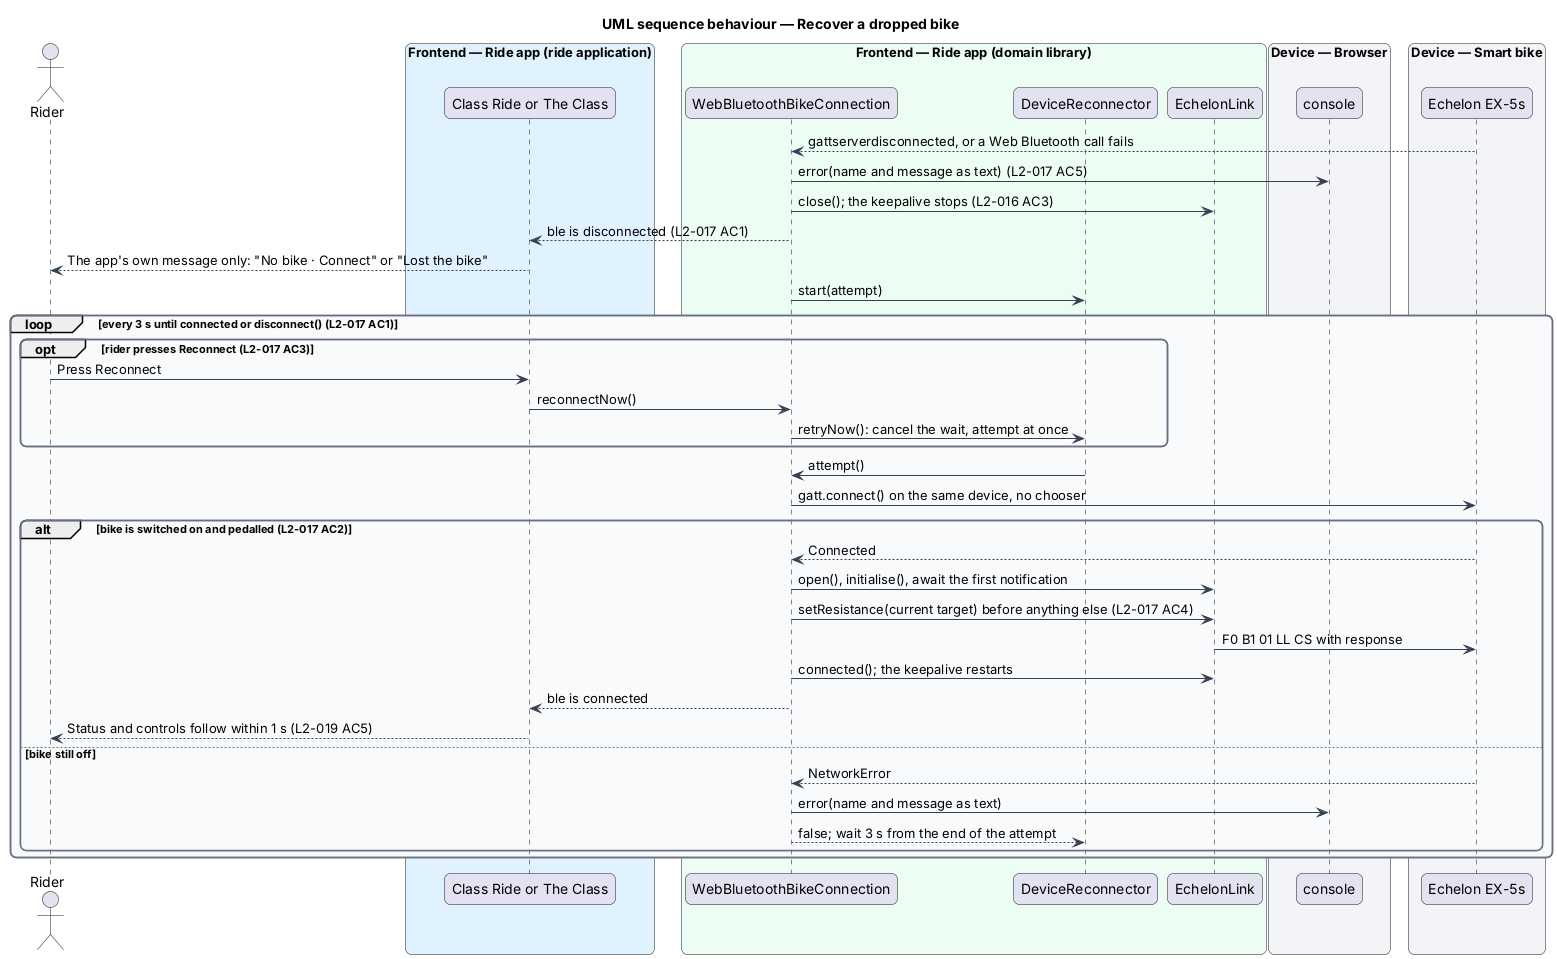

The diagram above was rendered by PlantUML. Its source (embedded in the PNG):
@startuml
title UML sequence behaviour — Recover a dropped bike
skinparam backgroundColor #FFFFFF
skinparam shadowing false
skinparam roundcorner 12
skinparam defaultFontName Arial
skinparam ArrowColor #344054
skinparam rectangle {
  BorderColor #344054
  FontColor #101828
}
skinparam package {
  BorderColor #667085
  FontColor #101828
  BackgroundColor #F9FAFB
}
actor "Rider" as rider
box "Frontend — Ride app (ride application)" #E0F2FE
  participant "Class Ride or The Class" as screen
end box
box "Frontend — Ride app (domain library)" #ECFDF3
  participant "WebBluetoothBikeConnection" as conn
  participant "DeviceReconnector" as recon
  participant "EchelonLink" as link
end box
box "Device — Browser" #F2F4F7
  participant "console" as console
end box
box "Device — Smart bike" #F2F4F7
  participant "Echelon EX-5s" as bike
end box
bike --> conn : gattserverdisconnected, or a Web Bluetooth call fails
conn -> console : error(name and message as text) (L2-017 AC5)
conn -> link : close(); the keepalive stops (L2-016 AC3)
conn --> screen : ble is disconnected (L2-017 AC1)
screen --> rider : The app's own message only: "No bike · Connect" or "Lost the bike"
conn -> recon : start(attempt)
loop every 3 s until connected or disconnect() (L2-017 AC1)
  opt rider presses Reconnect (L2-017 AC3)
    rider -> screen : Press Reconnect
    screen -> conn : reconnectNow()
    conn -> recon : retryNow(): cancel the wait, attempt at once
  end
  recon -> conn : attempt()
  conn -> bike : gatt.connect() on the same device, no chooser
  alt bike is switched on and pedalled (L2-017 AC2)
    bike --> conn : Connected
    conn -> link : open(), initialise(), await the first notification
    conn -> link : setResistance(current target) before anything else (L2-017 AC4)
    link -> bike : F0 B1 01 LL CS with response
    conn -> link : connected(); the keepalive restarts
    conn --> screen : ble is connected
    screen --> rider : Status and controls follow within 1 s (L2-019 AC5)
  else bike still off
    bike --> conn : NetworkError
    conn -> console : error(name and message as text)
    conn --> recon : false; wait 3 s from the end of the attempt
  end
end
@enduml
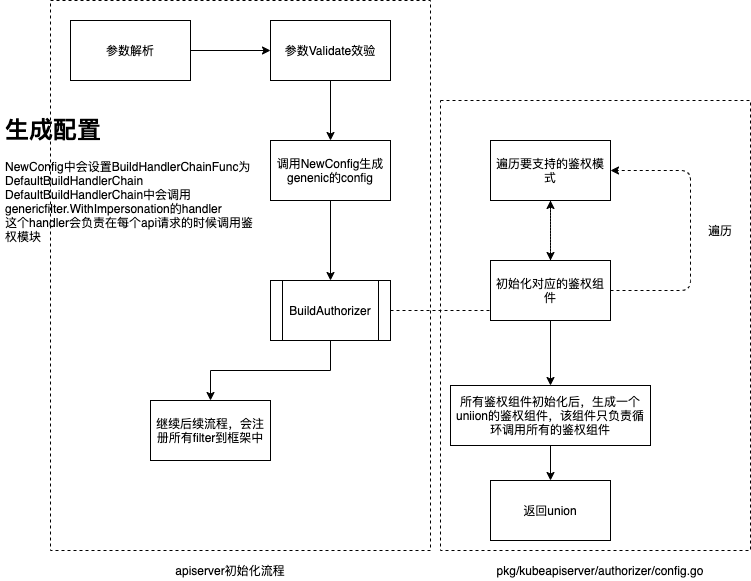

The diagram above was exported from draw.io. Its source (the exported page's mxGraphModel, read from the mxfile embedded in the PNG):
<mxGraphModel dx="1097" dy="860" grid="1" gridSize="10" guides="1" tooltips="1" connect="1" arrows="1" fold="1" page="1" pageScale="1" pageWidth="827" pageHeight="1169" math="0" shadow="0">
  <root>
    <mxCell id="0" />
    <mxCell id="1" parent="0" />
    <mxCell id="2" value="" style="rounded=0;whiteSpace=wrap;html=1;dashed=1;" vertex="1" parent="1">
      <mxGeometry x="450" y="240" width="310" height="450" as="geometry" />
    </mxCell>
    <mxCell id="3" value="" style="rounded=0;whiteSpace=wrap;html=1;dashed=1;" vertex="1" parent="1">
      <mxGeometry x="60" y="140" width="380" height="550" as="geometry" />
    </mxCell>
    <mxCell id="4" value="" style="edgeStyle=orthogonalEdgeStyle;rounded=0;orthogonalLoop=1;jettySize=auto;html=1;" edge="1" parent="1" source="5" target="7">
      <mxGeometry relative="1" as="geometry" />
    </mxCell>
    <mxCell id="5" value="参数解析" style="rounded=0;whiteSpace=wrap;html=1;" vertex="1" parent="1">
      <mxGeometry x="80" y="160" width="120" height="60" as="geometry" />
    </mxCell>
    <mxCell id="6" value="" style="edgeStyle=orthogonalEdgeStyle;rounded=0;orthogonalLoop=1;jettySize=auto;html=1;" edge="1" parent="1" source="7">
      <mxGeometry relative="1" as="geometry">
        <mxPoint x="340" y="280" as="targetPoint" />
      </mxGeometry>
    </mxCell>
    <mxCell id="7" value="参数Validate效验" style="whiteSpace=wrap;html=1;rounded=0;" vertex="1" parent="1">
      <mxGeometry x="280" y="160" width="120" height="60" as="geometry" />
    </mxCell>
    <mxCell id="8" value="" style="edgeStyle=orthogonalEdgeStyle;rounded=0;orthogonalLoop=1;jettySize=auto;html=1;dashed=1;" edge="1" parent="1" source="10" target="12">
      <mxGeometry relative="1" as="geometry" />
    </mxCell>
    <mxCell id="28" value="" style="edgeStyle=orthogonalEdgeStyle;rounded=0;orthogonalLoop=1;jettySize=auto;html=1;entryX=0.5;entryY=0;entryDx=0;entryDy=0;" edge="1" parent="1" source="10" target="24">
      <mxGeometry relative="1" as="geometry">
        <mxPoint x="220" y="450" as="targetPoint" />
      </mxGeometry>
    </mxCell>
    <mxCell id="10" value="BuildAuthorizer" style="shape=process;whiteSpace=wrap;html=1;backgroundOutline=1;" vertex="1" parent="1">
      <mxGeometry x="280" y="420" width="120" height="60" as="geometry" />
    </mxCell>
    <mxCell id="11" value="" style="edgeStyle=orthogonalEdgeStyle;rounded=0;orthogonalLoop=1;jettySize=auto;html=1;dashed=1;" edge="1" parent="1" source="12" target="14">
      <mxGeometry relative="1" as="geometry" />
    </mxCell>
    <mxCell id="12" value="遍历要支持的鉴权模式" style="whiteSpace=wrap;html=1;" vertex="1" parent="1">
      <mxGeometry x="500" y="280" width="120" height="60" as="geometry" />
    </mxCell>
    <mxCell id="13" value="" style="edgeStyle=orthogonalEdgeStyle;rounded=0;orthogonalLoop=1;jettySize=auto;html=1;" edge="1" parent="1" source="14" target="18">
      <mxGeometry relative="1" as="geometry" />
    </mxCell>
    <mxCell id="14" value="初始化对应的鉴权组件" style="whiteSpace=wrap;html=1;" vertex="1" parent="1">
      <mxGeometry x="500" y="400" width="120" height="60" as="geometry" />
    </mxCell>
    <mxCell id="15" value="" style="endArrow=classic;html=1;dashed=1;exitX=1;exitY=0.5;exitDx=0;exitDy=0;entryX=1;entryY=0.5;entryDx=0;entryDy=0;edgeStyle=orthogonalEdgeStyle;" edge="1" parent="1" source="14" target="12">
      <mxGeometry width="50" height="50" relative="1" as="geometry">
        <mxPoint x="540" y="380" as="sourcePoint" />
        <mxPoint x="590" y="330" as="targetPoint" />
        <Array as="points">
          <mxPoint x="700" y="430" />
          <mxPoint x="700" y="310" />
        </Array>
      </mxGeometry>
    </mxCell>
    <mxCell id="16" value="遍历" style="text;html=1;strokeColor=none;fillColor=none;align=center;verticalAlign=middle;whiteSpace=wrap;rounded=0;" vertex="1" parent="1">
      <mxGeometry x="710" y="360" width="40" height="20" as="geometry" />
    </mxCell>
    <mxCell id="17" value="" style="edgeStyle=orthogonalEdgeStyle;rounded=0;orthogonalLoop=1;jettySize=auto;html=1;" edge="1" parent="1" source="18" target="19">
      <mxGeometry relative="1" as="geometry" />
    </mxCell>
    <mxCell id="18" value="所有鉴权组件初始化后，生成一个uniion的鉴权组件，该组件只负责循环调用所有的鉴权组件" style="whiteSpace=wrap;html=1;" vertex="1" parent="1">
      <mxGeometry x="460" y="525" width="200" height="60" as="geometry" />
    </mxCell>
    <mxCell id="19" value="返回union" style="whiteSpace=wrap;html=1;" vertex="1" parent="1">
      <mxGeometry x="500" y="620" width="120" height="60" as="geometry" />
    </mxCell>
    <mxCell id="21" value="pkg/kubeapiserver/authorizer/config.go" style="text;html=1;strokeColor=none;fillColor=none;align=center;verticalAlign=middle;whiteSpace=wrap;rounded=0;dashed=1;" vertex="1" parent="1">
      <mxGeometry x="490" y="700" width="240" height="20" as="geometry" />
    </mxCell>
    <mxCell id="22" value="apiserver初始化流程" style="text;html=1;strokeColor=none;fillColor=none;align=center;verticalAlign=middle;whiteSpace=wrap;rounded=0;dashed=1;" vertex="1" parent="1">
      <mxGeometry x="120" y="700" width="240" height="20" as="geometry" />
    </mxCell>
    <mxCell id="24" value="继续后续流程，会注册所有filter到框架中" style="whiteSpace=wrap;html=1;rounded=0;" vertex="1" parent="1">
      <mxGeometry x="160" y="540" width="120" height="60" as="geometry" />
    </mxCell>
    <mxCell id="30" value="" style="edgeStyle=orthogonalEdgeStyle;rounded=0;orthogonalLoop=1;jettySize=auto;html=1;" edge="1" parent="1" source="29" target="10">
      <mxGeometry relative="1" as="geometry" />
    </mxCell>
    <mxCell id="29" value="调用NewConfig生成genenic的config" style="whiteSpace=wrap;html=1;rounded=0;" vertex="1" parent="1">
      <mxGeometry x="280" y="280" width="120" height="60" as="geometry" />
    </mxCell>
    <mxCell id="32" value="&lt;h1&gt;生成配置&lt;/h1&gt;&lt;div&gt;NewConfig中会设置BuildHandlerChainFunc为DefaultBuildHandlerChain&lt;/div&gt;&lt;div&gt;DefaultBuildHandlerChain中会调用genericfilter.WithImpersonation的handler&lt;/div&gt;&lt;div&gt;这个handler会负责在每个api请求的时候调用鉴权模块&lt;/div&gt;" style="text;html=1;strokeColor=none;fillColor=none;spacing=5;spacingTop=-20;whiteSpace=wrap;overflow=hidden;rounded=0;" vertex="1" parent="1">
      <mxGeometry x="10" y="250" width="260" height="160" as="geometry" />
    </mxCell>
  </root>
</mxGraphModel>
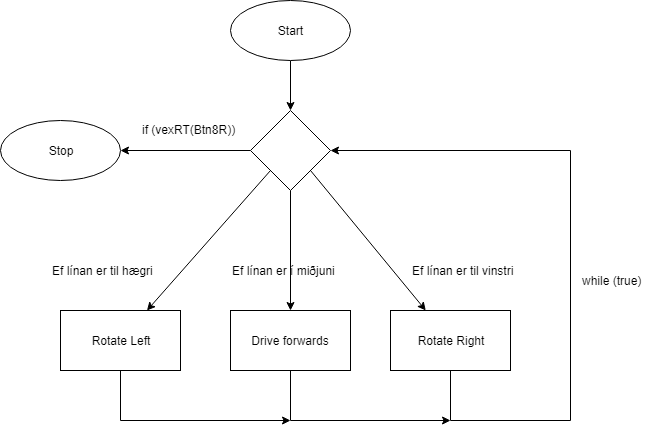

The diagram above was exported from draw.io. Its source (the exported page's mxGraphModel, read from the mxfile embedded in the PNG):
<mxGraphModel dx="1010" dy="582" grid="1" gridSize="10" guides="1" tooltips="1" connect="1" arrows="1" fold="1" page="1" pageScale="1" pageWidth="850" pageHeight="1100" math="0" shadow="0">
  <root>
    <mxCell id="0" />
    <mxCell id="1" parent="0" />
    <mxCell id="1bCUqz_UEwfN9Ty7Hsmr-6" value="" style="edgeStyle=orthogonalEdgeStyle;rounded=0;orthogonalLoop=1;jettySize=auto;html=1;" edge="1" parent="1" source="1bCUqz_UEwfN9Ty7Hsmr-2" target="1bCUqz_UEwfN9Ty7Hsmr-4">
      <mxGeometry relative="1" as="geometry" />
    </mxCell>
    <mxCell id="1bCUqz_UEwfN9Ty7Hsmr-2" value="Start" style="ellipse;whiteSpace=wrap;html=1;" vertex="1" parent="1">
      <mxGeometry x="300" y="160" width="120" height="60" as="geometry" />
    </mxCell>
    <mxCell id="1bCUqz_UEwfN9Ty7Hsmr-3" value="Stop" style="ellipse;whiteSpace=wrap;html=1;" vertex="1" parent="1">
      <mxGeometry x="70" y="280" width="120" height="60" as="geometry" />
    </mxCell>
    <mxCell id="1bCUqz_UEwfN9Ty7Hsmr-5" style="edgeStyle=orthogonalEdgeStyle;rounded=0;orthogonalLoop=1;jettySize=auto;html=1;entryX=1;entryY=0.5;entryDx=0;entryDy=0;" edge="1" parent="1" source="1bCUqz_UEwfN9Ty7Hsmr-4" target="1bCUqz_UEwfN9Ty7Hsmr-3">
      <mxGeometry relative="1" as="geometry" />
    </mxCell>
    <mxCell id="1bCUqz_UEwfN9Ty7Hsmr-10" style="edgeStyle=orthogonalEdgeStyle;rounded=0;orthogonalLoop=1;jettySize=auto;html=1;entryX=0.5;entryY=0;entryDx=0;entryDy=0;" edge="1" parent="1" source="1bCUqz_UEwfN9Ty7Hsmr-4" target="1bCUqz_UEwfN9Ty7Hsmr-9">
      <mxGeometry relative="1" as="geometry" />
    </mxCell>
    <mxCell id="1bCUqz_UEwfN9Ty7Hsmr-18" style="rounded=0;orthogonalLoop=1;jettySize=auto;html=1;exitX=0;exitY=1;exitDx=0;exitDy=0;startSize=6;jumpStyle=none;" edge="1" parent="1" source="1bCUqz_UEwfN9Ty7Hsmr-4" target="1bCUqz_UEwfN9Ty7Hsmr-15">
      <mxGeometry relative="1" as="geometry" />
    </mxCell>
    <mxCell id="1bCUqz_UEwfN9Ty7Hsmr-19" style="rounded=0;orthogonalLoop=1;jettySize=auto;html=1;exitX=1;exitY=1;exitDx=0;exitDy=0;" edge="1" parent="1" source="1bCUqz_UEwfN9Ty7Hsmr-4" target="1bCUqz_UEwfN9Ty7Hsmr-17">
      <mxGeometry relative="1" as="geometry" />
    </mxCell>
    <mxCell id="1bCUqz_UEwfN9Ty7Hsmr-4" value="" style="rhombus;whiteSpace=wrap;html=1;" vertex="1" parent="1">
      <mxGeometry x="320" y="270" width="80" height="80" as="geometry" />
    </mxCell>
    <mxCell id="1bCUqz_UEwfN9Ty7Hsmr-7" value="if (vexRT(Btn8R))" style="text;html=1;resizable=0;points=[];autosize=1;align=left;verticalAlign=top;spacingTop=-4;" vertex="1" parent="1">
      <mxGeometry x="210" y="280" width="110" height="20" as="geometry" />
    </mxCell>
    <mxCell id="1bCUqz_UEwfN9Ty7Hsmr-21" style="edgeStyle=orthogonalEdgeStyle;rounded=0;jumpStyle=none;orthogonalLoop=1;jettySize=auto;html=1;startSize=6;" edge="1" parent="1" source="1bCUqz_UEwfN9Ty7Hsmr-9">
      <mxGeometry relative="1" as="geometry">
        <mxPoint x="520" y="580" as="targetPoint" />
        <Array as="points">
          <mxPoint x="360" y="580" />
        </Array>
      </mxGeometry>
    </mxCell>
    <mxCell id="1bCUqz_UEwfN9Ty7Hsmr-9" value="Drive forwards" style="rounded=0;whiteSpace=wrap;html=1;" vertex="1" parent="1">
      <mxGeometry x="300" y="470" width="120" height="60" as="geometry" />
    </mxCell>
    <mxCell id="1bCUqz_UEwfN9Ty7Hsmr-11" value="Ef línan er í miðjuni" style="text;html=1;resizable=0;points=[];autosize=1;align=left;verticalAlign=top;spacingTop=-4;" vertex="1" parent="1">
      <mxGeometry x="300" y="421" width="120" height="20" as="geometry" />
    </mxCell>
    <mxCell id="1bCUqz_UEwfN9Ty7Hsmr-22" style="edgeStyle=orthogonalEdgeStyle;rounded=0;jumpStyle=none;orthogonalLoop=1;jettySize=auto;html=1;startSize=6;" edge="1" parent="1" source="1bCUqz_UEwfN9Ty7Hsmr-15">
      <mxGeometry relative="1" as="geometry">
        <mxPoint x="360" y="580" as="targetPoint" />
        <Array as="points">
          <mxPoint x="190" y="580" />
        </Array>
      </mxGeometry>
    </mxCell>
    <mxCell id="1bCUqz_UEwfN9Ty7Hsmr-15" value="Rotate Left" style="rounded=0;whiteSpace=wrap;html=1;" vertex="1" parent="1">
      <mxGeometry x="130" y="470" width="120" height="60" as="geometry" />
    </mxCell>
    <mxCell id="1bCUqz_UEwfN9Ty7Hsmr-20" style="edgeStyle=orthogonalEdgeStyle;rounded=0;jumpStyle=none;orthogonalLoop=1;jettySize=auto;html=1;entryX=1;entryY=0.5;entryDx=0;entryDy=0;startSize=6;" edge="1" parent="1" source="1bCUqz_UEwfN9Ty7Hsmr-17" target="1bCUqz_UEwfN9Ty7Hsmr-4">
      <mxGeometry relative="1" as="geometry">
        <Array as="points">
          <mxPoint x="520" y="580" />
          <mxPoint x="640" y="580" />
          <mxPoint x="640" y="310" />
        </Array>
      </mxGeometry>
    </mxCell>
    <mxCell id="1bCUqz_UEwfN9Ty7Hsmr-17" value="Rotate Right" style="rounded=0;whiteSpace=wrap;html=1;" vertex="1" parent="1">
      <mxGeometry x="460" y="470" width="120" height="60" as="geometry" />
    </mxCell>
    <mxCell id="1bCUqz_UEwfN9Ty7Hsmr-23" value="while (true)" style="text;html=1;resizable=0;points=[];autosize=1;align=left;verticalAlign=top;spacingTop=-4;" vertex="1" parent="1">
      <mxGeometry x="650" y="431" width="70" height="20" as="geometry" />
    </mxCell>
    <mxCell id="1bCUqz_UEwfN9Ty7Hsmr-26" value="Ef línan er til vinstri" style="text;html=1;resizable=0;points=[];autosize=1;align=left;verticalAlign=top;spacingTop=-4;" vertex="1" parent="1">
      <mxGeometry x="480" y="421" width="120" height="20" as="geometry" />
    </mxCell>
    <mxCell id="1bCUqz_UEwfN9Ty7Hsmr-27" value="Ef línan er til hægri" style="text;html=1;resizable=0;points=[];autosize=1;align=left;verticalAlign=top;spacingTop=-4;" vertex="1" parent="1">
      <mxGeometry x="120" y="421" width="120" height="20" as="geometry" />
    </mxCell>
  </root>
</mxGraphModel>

◆ Problem to work on:
Make a copy of each line in the records that has the word "else".

◆ Solution:
    conn -> link : setResistance(current target) before anything else (L2-017 AC4)
  else bike still off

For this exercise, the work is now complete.